Inimitable Bard of Avon
Reviewed by Shelley Walia

Shakespeare: A New Biography
By Bhim S. Dahiya.
The Shakespeare Association, Kurukshetra.
Pages 168. Rs 495.

THE world does not have concrete traces of Shakespeare’s life, and those that we have bring across a man with glaring contradictions. We who adore his tragedies and comedies cannot remain indifferent to his life. But the scant information about him leaves much to be desired and one is amazed by the huge gap between the quality of his drama and the abysmally low and ordinary life he lead. The Shakespearean scholar, Stephen Greenblatt, describes these details as "abundant but thin", depicting a man "who grew wealthy but sued for paltry sums, a literary genius who seems never to have written a letter—or owned a book". I wonder if we will ever be satisfied with the existing biographies, which, though interesting, are far from definitive. More or less we are in possession of literature on this genius which leaves much to speculation and conjecture. The man who wrote Hamlet will always remain an enigma.

Bhim S. Dahiya, an educationist and literary critic, has made a creditable attempt at writing an insightful biography of Shakespeare that is full of observations, attempting to answer the questions that researchers on Shakespeare have raised from time to time. Moreover, it offers a storehouse of information on Shakespeare’s life and his surroundings in the 16th and 17th centuries. For Dahiya himself, "The ... entire effort has been ... to put together all the bits and pieces the scholars have gathered about Shakespeare the man, and shape them into an interesting story of his life." The biography is to be taken as an account of interest both for the scholar and those who don’t know their "Othello" from their "Pericles".

Two things particularly stand out in this biography: first, the author’s love for Shakespeare, that finds expression in the separate chapters devoted to the great bard’s family members: the father, the mother, the wife (under the chapter "Marriage") and the daughters; second, the recognition that Shakespeare was a gentle soul with understanding and compassion for all he met and worked with, and that he was driven centrally by family values: "What Shakespeare did in 1586 could be done only by a person wholly committed to his family and entirely dedicated to doing great deeds in life. No records are needed to know that the nobility of Shakespeare’s spirit; his work, both in words and deeds, speaks for itself." The great deeds in question constituted writing earnestly and conducting himself in life with sincere commitment to friends, fellow actors and family members.

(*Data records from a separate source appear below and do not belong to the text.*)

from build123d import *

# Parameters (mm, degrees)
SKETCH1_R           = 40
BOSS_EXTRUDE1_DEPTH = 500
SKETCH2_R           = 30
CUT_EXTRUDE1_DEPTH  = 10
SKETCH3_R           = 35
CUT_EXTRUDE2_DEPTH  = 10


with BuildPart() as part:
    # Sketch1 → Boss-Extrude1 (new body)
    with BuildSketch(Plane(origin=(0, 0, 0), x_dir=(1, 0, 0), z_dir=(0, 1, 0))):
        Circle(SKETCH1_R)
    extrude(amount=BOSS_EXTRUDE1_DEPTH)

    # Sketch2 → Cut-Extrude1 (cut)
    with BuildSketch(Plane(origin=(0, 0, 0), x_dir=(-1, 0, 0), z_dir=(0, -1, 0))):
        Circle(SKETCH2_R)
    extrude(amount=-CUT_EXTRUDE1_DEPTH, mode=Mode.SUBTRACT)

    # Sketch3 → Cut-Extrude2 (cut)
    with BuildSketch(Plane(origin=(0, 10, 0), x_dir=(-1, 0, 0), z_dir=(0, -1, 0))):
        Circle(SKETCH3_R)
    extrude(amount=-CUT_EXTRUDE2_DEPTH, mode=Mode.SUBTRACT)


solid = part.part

Dahiya has addressed the question of myths surrounding Shakespeare with adequate care. In each case, the argument is presented with reference to essentials based on available records. If one is looking for flights of fancy here, one would indeed be disappointed. The guesswork spread over the entire book takes help instead from those scholars who have done meticulous research on the life and times of Shakespeare. In the account, we also come across intelligent markers picked up from Shakespeare’s texts to assert veracity of detail. Thus, it is that Prince Hamlet is brought in at a few places to throw light on unidentifiable and mysterious occurrences in Shakespeare’s life. In the same manner, quotations from Wordsworth, Matthew Arnold, Ben Jonson, Thomas Hardy, etc., have been used to clarify positions about Shakespeare and the relevance of his writing to later periods.

The highpoint of the book is its likely appeal to the Indian reader. In many respects, Shakespeare’s formative period had vital links with the English peasantry. In England, the labouring masses of the villages and small towns cherished principles of simplicity and frugal living. These clashed with ways of the emergent middle-class as well as aristocrats who set store by knowledge, scholarship and classical learning. Many a time, Shakespeare was targeted for his uncharismatic standing in educated circles. Dahiya has dealt with this issue sharply and in fact explained the quality of Shakespeare’s writing in terms that are genuine and intense.

In the times when Shakespeare lived, complexities of the existing phenomena could be grasped only when the individual perceiver was distanced from the privileged sections. In the specific case of the dramatist, this aspect helped immensely.

However, our views of the Bard will always be shaped by the contingencies of the evidence that reaches us, and research on his life and his times will always remain a venture of scholarship and intellectual curiosity. Professor Dahiya has indeed achieved in his book enough to take us closer to the phenomenon called Shakespeare, especially as it punctuates our world with characters, language and imagery that have slipped into our common idiom and our collective imagination. And who says biographies are boring? The imposing flamboyance of a personality like Shakespeare’s is enough of an aid to any attempt at such a project that will always remain open-ended and compelling. A biography on him is, therefore, inevitably of interest.